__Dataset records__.

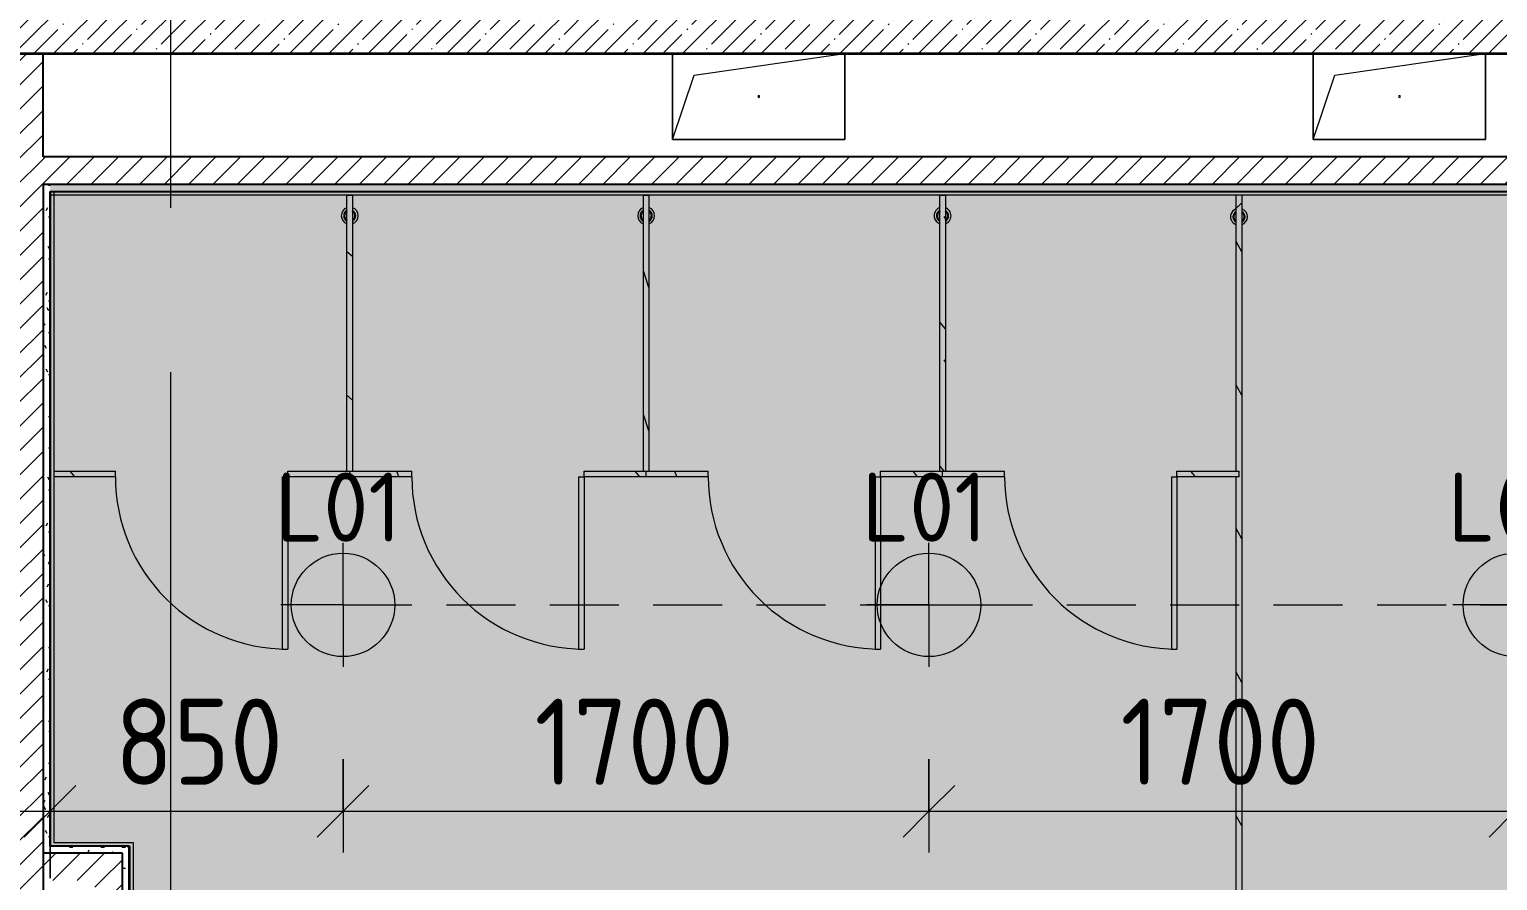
# Model space of a CAD drawing. Header units: millimetres. Extents: x 81425 to 274970, y -8553 to 29000.
# Drawn here: x 94250 to 98510, y 7980 to 10450 of the extents above; entities that cross this region are included whole.
import ezdxf

# ---------------------------------------------------------------- set-up
doc = ezdxf.new("R2010")
doc.units = ezdxf.units.MM
doc.linetypes.add('ADSK_Штрих_ш2 п1', pattern=[300, 200, -100])
doc.linetypes.add('Осевая', pattern=[3175, 635, -476.25, 1587.5, -476.25])
for name, color, linetype, lineweight in [('A-ANNO-DIMS', 7, 'Continuous', 9), ('A-ANNO-DIMS-100', 7, 'Continuous', 9), ('A-ANNO-NOTE', 7, 'Continuous', 9), ('A-DETL-2', 7, 'ADSK_Штрих_ш2 п1', 9), ('A-DOOR', 7, 'Continuous', 9), ('A-GENM', 7, 'Continuous', 9), ('E-LITE-EQPM-IDEN', 7, 'Continuous', 9), ('I-WALL', 7, 'Continuous', 9), ('Оси-2', 7, 'Осевая', 9)]:
    doc.layers.add(name, color=color, linetype=linetype, lineweight=lineweight)
doc.layers.add('A-CLNG-PATT-1', color=7, linetype='Continuous', lineweight=9, transparency=1)
for name, color, linetype, lineweight, true_color in [('A-WALL-1', 7, 'Continuous', 35, 0x3c3c3c), ('A-WALL-2', 7, 'Continuous', 25, 0x3c3c3c), ('A-WALL-3', 254, 'Continuous', 25, 0xbebebe)]:
    doc.layers.add(name, color=color, linetype=linetype, lineweight=lineweight, true_color=true_color)
doc.styles.add('GOST Common', font='GOST_Common.ttf', dxfattribs={"height": 200})
doc.styles.add('ISOCPEUR', font='isocpeur.ttf', dxfattribs={"width": 0.9, "height": 250})
doc.dimstyles.new('ISO-2_5_0_9К_БОЛЬШОЙ_1', dxfattribs={"dimscale": 304.8, "dimtxt": 248.995294, "dimasz": 0.492126, "dimexe": 0.393701, "dimexo": 0.984252, "dimgap": 0, "dimtad": 1, "dimdec": 0, "dimrnd": 10, "dimzin": 0, "dimdsep": 46, "dimtxsty": 'ISOCPEUR', "dimblk1": 'OBLIQUE', "dimblk2": 'OBLIQUE', "dimsah": 1, "dimcen": 0.09, "dimdle": 0.393701, "dimazin": 0, "dimtfac": 1, "dimtdec": 4, "dimtix": 1, "dimtmove": 0, "dimatfit": 3, "dimfxl": 1, "dimtvp": 1, "dimtolj": 1, "dimtzin": 0, "dimarcsym": 2})
pattern_1 = [(45, (0, 0), (-35.35534, 35.35534), [])]
pattern_2 = [(288.435, (95141.21, 9160), (416.50086, -832.99954), [158.05, -1159.038]), (319.399, (95191.19, 9010.06), (2499.010644, -2082.486787), [76.799, -3763.143]), (316.848, (94833, 8960.08), (6247.5402574, -5830.957739), [182.691, -8951.868]), (289.983, (94966.28, 8835.13), (1249.49393, -3332.002656), [97.5, -4777.508]), (270, (94999.6, 9160), (416.5, -416.5), [83.3, -333.2]), (298.443, (94999.6, 9076.7), (-2915.5071394, 5414.4962996), [227.365, -11140.87]), (264.289, (95107.89, 8876.78), (416.5263, 3748.496867), [83.716, -4102.058]), (309.806, (95099.56, 8793.48), (-1666.01521, 2082.48651), [65.059, -3187.91])]
pattern_3 = [(0, (0, 0), (121.92, 30.48), [10.058, -81.382, 10.058, -81.382, -487.68]), (0, (0, 0), (121.92, 30.48), [-182.88, 10.058, -172.822, 10.058, -81.382, -213.36]), (0, (0, 0), (121.92, 30.48), [-457.2, 10.058, -50.902, 10.058, -142.342]), (120, (45.72, 15.24), (-87.356454, 90.345817), [10.058, -81.382, 10.058, -81.382, -487.68]), (120, (45.72, 15.24), (-87.356454, 90.345817), [-182.88, 10.058, -172.822, 10.058, -81.382, -213.36]), (120, (45.72, 15.24), (-87.356454, 90.345817), [-457.2, 10.058, -50.902, 10.058, -142.342]), (240, (60.96, 76.2), (-34.563546, -120.825817), [10.058, -81.382, 10.058, -81.382, -487.68]), (240, (60.96, 76.2), (-34.563546, -120.825817), [-182.88, 10.058, -172.822, 10.058, -81.382, -213.36]), (240, (60.96, 76.2), (-34.563546, -120.825817), [-457.2, 10.058, -50.902, 10.058, -142.342])]
pattern_4 = [(288.435, (96001.21, 9160), (416.50086, -832.99954), [158.05, -1159.038]), (319.399, (96051.19, 9010.06), (2499.010644, -2082.486787), [76.799, -3763.143]), (316.848, (95693, 8960.08), (6247.5402574, -5830.957739), [182.691, -8951.868]), (289.983, (95826.28, 8835.13), (1249.49393, -3332.002656), [97.5, -4777.508]), (270, (95859.6, 9160), (416.5, -416.5), [83.3, -333.2]), (298.443, (95859.6, 9076.7), (-2915.5071394, 5414.4962996), [227.365, -11140.87]), (264.289, (95967.89, 8876.78), (416.5263, 3748.496867), [83.716, -4102.058]), (309.806, (95959.56, 8793.48), (-1666.01521, 2082.48651), [65.059, -3187.91])]
pattern_5 = [(288.435, (96861.21, 9160), (416.50086, -832.99954), [158.05, -1159.038]), (319.399, (96911.19, 9010.06), (2499.010644, -2082.486787), [76.799, -3763.143]), (316.848, (96553, 8960.08), (6247.5402574, -5830.957739), [182.691, -8951.868]), (289.983, (96686.28, 8835.13), (1249.49393, -3332.002656), [97.5, -4777.508]), (270, (96719.6, 9160), (416.5, -416.5), [83.3, -333.2]), (298.443, (96719.6, 9076.7), (-2915.5071394, 5414.4962996), [227.365, -11140.87]), (264.289, (96827.89, 8876.78), (416.5263, 3748.496867), [83.716, -4102.058]), (309.806, (96819.56, 8793.48), (-1666.01521, 2082.48651), [65.059, -3187.91])]

# ---------------------------------------------------------------- blocks, each defined once
blk = doc.blocks.new('FP_2-План расстановки осветительного оборудования 1 этажа в осях 23-33')
at = {"layer": 'A-GENM'}
for p, q in [((19.3, 8), (20.4, 6.8)), ((20.4, 6.8), (21.4, 5.5)), ((21.4, 5.5), (22.4, 4.3)), ((22.4, 4.3), (23.5, 3.1)), ((23.5, 3.1), (24.6, 1.8)), ((24.6, 1.8), (25.6, 0.6)), ((25.6, 0.6), (26.7, -0.6)), ((26.7, -0.6), (27.8, -1.8)), ((27.8, -1.8), (28.9, -3.1)), ((28.9, -3.1), (30.1, -4.3)), ((30.1, -4.3), (31.2, -5.5)), ((31.2, -5.5), (32.3, -6.8)), ((32.3, -6.8), (33.5, -8))]:
    blk.add_line(p, q, dxfattribs=at)
blk = doc.blocks.new('131_Сантехническая перегородка 7 - СП-1-30858579-План расстановки осветительного оборудования 1 этажа в осях 23-33')
at = {"layer": 'A-GENM'}
h = blk.add_hatch(dxfattribs=at)
h.set_pattern_fill('FP_5', color=256, style=0, pattern_type=2)
h.set_pattern_definition([(198.435, (9964.92, -97651.21), (-832.99954, -416.50086), [158.05, -1159.038]), (229.399, (9814.98, -97701.19), (-2082.486787, -2499.010644), [76.799, -3763.143]), (226.848, (9765, -97343), (-5830.957739, -6247.5402574), [182.691, -8951.868]), (199.983, (9640.05, -97476.28), (-3332.002656, -1249.49393), [97.5, -4777.508]), (180, (9964.9, -97509.6), (-416.5, -416.5), [83.3, -333.2]), (208.443, (9881.62, -97509.6), (5414.4962996, 2915.5071394), [227.365, -11140.87]), (174.289, (9681.7, -97617.89), (3748.496867, -416.5263), [83.716, -4102.058]), (219.806, (9598.4, -97609.56), (2082.48651, 1666.01521), [65.059, -3187.91])])
h.paths.add_polyline_path([(2165.9, 8), (45.9, 8), (45.9, -8), (796.9, -8), (796.9, 0), (812.9, 0), (812.9, -8), (2165.9, -8)])
for p, q in [((-4.1, 8), (45.9, 8)), ((46.1, 8.3), (45.9, 8)), ((45.9, 8), (2165.9, 8)), ((49.8, 12.2), (49.3, 11.8)), ((53.5, 14.2), (53, 13.9)), ((55.3, 14.7), (54.7, 14.5)), ((60.1, 15), (59.5, 15.1)), ((60.7, 14.9), (60.1, 15)), ((61.3, 14.9), (60.7, 14.9)), ((65.3, 13.6), (64.7, 13.8)), ((65.8, 13.3), (65.3, 13.6)), ((66.3, 13), (65.8, 13.3)), ((67.8, 12), (67.3, 12.3)), ((69.2, 10.8), (68.8, 11.2)), ((69.6, 10.4), (69.2, 10.8)), ((70.8, 9), (70.4, 9.5)), ((45.9, -8), (-4.1, -8)), ((796.9, -8), (45.9, -8)), ((56.7, -14.9), (57.3, -15)), ((57.3, -15), (57.9, -15.1)), ((57.9, -15.1), (58.5, -15.1)), ((58.5, -15.1), (59.1, -15.1)), ((59.1, -15.1), (59.7, -15)), ((59.7, -15), (60.3, -15)), ((60.3, -15), (60.9, -14.9)), ((60.9, -14.9), (61.5, -14.8)), ((61.5, -14.8), (62.1, -14.7)), ((69.4, -10.6), (69.8, -10.2)), ((70.6, -9.3), (70.9, -8.8)), ((2165.9, -8), (812.9, -8))]:
    blk.add_line(p, q, dxfattribs=at)
at = {"layer": 'A-GENM', "flags": 128}
for points in [[(49.3, 11.8), (48.9, 11.4), (48.4, 11), (48, 10.6), (47.6, 10.2), (47.2, 9.7), (46.8, 9.3), (46.4, 8.8), (46.1, 8.3)], [(51.4, 13.2), (50.8, 12.9), (50.3, 12.5), (49.8, 12.2)], [(53, 13.9), (52.4, 13.7), (51.9, 13.4), (51.4, 13.2)], [(54.7, 14.5), (54.1, 14.4), (53.5, 14.2)], [(56.5, 14.9), (55.9, 14.8), (55.3, 14.7)], [(57.7, 15), (57.1, 15), (56.5, 14.9)], [(59.5, 15.1), (58.9, 15.1), (58.3, 15.1), (57.7, 15)], [(63, 14.4), (62.4, 14.6), (61.9, 14.7), (61.3, 14.9)], [(64.7, 13.8), (64.2, 14), (63.6, 14.3), (63, 14.4)], [(67.3, 12.3), (66.8, 12.7), (66.3, 13)], [(68.8, 11.2), (68.3, 11.6), (67.8, 12)], [(70.4, 9.5), (70, 9.9), (69.6, 10.4)], [(71.5, 8), (71.1, 8.5), (70.8, 9)], [(45.9, -8), (46.3, -8.5), (46.6, -9)], [(46.6, -9), (47, -9.5), (47.4, -9.9), (47.8, -10.4), (48.2, -10.8), (48.6, -11.2), (49.1, -11.6), (49.6, -12), (50, -12.3), (50.5, -12.7), (51.1, -13), (51.6, -13.3), (52.1, -13.6), (52.7, -13.8), (53.2, -14), (53.8, -14.3), (54.4, -14.4), (54.9, -14.6), (55.5, -14.7), (56.1, -14.9), (56.7, -14.9)], [(62.1, -14.7), (62.7, -14.5), (63.3, -14.4), (63.8, -14.2), (64.4, -13.9), (65, -13.7), (65.5, -13.4)], [(65.5, -13.4), (66, -13.2), (66.6, -12.9), (67.1, -12.5), (67.6, -12.2), (68, -11.8), (68.5, -11.4)], [(68.5, -11.4), (69, -11), (69.4, -10.6)], [(69.8, -10.2), (70.2, -9.7), (70.6, -9.3)], [(70.9, -8.8), (71.3, -8.3), (71.5, -8)]]:
    blk.add_lwpolyline(points, dxfattribs=at)
at = {"layer": 'A-GENM'}
for radius, start, end in [(24.6, 19.9113, 160.0887), (17.6, 28.9731, 151.0269), (15.1, 78.8699, 146.2189), (15.1, 33.7811, 53.124), (24.6, 199.9113, 252), (17.6, 208.9731, 331.0269), (15.1, 213.7811, 233.124), (24.6, 252, 288), (15.1, 258.8699, 326.2189), (24.6, 288, 324), (24.6, 324, 340.0887)]:
    blk.add_arc((58.7, 0), radius, start, end, dxfattribs=at)
blk.add_blockref('FP_2-План расстановки осветительного оборудования 1 этажа в осях 23-33', (0, 0), dxfattribs=at)
blk = doc.blocks.new('FP_3-План расстановки осветительного оборудования 1 этажа в осях 23-33')
at = {"layer": 'A-GENM'}
blk.add_line((0, 8), (0, -8), dxfattribs=at)
blk = doc.blocks.new('131_Сантехническая перегородка 6 - СП-1-30839354-План расстановки осветительного оборудования 1 этажа в осях 23-33')
at = {"layer": 'A-GENM'}
h = blk.add_hatch(dxfattribs=at)
h.set_pattern_fill('FP_6', color=256, style=0, pattern_type=2)
h.set_pattern_definition([(198.435, (9968, -96791.21), (-832.99954, -416.50086), [158.05, -1159.038]), (229.399, (9818.06, -96841.19), (-2082.486787, -2499.010644), [76.799, -3763.143]), (226.848, (9768.08, -96483), (-5830.957739, -6247.5402574), [182.691, -8951.868]), (199.983, (9643.13, -96616.28), (-3332.002656, -1249.49393), [97.5, -4777.508]), (180, (9968, -96649.6), (-416.5, -416.5), [83.3, -333.2]), (208.443, (9884.7, -96649.6), (5414.4962996, 2915.5071394), [227.365, -11140.87]), (174.289, (9684.78, -96757.89), (3748.496867, -416.5263), [83.716, -4102.058]), (219.806, (9601.48, -96749.56), (2082.48651, 1666.01521), [65.059, -3187.91])])
h.paths.add_polyline_path([(800, 0), (800, 8), (50, 8), (50, -8), (800, -8)])
for p, q in [((0, 8), (50, 8)), ((50, 8), (800, 8)), ((50, -8), (0, -8)), ((46.6, -9), (47, -9.5)), ((800, -8), (50, -8)), ((51.6, -13.3), (52.1, -13.6)), ((52.1, -13.6), (52.7, -13.8)), ((71.3, -8.3), (71.5, -8))]:
    blk.add_line(p, q, dxfattribs=at)
at = {"layer": 'A-GENM', "flags": 128}
for points in [[(63.6, 14.3), (63, 14.4), (62.4, 14.6), (61.9, 14.7), (61.3, 14.9), (60.7, 14.9), (60.1, 15), (59.5, 15.1), (58.9, 15.1), (58.3, 15.1), (57.7, 15), (57.1, 15), (56.5, 14.9), (55.9, 14.8), (55.3, 14.7), (54.7, 14.5), (54.1, 14.4), (53.5, 14.2), (53, 13.9), (52.4, 13.7), (51.9, 13.4), (51.4, 13.2), (50.8, 12.9), (50.3, 12.5), (49.8, 12.2), (49.3, 11.8), (48.9, 11.4), (48.4, 11), (48, 10.6), (47.6, 10.2), (47.2, 9.7), (46.8, 9.3), (46.4, 8.8), (46.1, 8.3), (45.9, 8)], [(71.5, 8), (71.1, 8.5), (70.8, 9), (70.4, 9.5), (70, 9.9), (69.6, 10.4), (69.2, 10.8), (68.8, 11.2), (68.3, 11.6), (67.8, 12), (67.3, 12.3), (66.8, 12.7), (66.3, 13), (65.8, 13.3), (65.3, 13.6), (64.7, 13.8), (64.2, 14), (63.6, 14.3)], [(45.9, -8), (46.3, -8.5), (46.6, -9)], [(47, -9.5), (47.4, -9.9), (47.8, -10.4), (48.2, -10.8), (48.6, -11.2), (49.1, -11.6), (49.6, -12), (50, -12.3), (50.5, -12.7), (51.1, -13), (51.6, -13.3)], [(52.7, -13.8), (53.2, -14), (53.8, -14.3), (54.4, -14.4), (54.9, -14.6), (55.5, -14.7), (56.1, -14.9), (56.7, -14.9), (57.3, -15), (57.9, -15.1), (58.5, -15.1), (59.1, -15.1), (59.7, -15), (60.3, -15), (60.9, -14.9), (61.5, -14.8), (62.1, -14.7), (62.7, -14.5), (63.3, -14.4), (63.8, -14.2), (64.4, -13.9), (65, -13.7), (65.5, -13.4), (66, -13.2), (66.6, -12.9), (67.1, -12.5)], [(67.1, -12.5), (67.6, -12.2), (68, -11.8), (68.5, -11.4), (69, -11), (69.4, -10.6), (69.8, -10.2), (70.2, -9.7), (70.6, -9.3)], [(70.6, -9.3), (70.9, -8.8), (71.3, -8.3)]]:
    blk.add_lwpolyline(points, dxfattribs=at)
at = {"layer": 'A-GENM'}
for radius, start, end in [(24.6, 144, 160.0887), (24.6, 108, 144), (17.6, 135, 151.0269), (15.1, 90, 146.2189), (17.6, 90, 135), (24.6, 36, 108), (17.6, 28.9731, 90), (15.1, 78.8699, 90), (15.1, 45, 53.124), (15.1, 33.7811, 45), (24.6, 19.9113, 36), (24.6, 199.9113, 216), (24.6, 216, 340.0887), (17.6, 208.9731, 225), (15.1, 213.7811, 225), (17.6, 225, 270), (15.1, 225, 233.124), (15.1, 258.8699, 270), (15.1, 270, 315), (17.6, 270, 315), (15.1, 315, 326.2189), (17.6, 315, 331.0269)]:
    blk.add_arc((58.7, 0), radius, start, end, dxfattribs=at)
blk.add_blockref('FP_3-План расстановки осветительного оборудования 1 этажа в осях 23-33', (0, 0), dxfattribs=at)
blk = doc.blocks.new('GM_Отверстие прямоугольное _в плите_ - Отверстие-V6-План расстановки осветительного оборудования 1 этажа в осях 23-33')
at = {"layer": 'A-GENM'}
for p, q in [((-250, -125), (-250, 125)), ((-250, 125), (-250, -125)), ((-187.5, 62.5), (250, 125)), ((250, 125), (250, -125)), ((250, -125), (250, 125)), ((-250, -125), (-187.5, 62.5)), ((250, -125), (-250, -125)), ((-250, -125), (250, -125))]:
    blk.add_line(p, q, dxfattribs=at)
for start, end in [(360, 180), (180, 360)]:
    blk.add_arc((0, 0), 2.5, start, end, dxfattribs=at)
blk = doc.blocks.new('131_Сантехническая перегородка_Дверь 5 - СД-1-30835617-План расстановки осветительного оборудования 1 этажа в осях 23-33')
at = {"layer": 'A-DOOR'}
h = blk.add_hatch(dxfattribs=at)
h.set_pattern_fill('FP_17', color=256, style=0, pattern_type=2)
h.set_pattern_definition(pattern_2)
h.paths.add_polyline_path([(839.3, 8), (750, 8), (750, -8), (928.5, -8), (928.5, 8)])
at = {"layer": 'A-GENM'}
h = blk.add_hatch(dxfattribs=at)
h.set_pattern_fill('FP_17', color=256, style=0, pattern_type=2)
h.set_pattern_definition(pattern_2)
h.paths.add_polyline_path([(250, 8), (70, 8), (70, -8), (250, -8)])
at = {"layer": 'A-DOOR'}
for p, q in [((266, 508), (250, 508)), ((250, 8), (250, 508)), ((266, 8), (266, 508)), ((266, 8), (250, 8))]:
    blk.add_line(p, q, dxfattribs=at)
blk.add_arc((250, 8), 500, 360, 90, dxfattribs=at)
at = {"layer": 'A-GENM'}
for p, q in [((70, 8), (250, 8)), ((70, 8), (70, -8)), ((250, 8), (250, -8)), ((750, 8), (928.5, 8)), ((750, 8), (750, -8)), ((250, -8), (70, -8)), ((928.5, -8), (750, -8))]:
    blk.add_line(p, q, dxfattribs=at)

__Exercise goal__. Which lines above run from the one containing "for name, color, linetype, lineweight in" to the one containing "pattern_1 = [(45, (0, 0), (-35.35534, 35.35534), [])]"? Give them again exactly, both ends included.

__Result of this exercise__.
for name, color, linetype, lineweight in [('A-ANNO-DIMS', 7, 'Continuous', 9), ('A-ANNO-DIMS-100', 7, 'Continuous', 9), ('A-ANNO-NOTE', 7, 'Continuous', 9), ('A-DETL-2', 7, 'ADSK_Штрих_ш2 п1', 9), ('A-DOOR', 7, 'Continuous', 9), ('A-GENM', 7, 'Continuous', 9), ('E-LITE-EQPM-IDEN', 7, 'Continuous', 9), ('I-WALL', 7, 'Continuous', 9), ('Оси-2', 7, 'Осевая', 9)]:
    doc.layers.add(name, color=color, linetype=linetype, lineweight=lineweight)
doc.layers.add('A-CLNG-PATT-1', color=7, linetype='Continuous', lineweight=9, transparency=1)
for name, color, linetype, lineweight, true_color in [('A-WALL-1', 7, 'Continuous', 35, 0x3c3c3c), ('A-WALL-2', 7, 'Continuous', 25, 0x3c3c3c), ('A-WALL-3', 254, 'Continuous', 25, 0xbebebe)]:
    doc.layers.add(name, color=color, linetype=linetype, lineweight=lineweight, true_color=true_color)
doc.styles.add('GOST Common', font='GOST_Common.ttf', dxfattribs={"height": 200})
doc.styles.add('ISOCPEUR', font='isocpeur.ttf', dxfattribs={"width": 0.9, "height": 250})
doc.dimstyles.new('ISO-2_5_0_9К_БОЛЬШОЙ_1', dxfattribs={"dimscale": 304.8, "dimtxt": 248.995294, "dimasz": 0.492126, "dimexe": 0.393701, "dimexo": 0.984252, "dimgap": 0, "dimtad": 1, "dimdec": 0, "dimrnd": 10, "dimzin": 0, "dimdsep": 46, "dimtxsty": 'ISOCPEUR', "dimblk1": 'OBLIQUE', "dimblk2": 'OBLIQUE', "dimsah": 1, "dimcen": 0.09, "dimdle": 0.393701, "dimazin": 0, "dimtfac": 1, "dimtdec": 4, "dimtix": 1, "dimtmove": 0, "dimatfit": 3, "dimfxl": 1, "dimtvp": 1, "dimtolj": 1, "dimtzin": 0, "dimarcsym": 2})
pattern_1 = [(45, (0, 0), (-35.35534, 35.35534), [])]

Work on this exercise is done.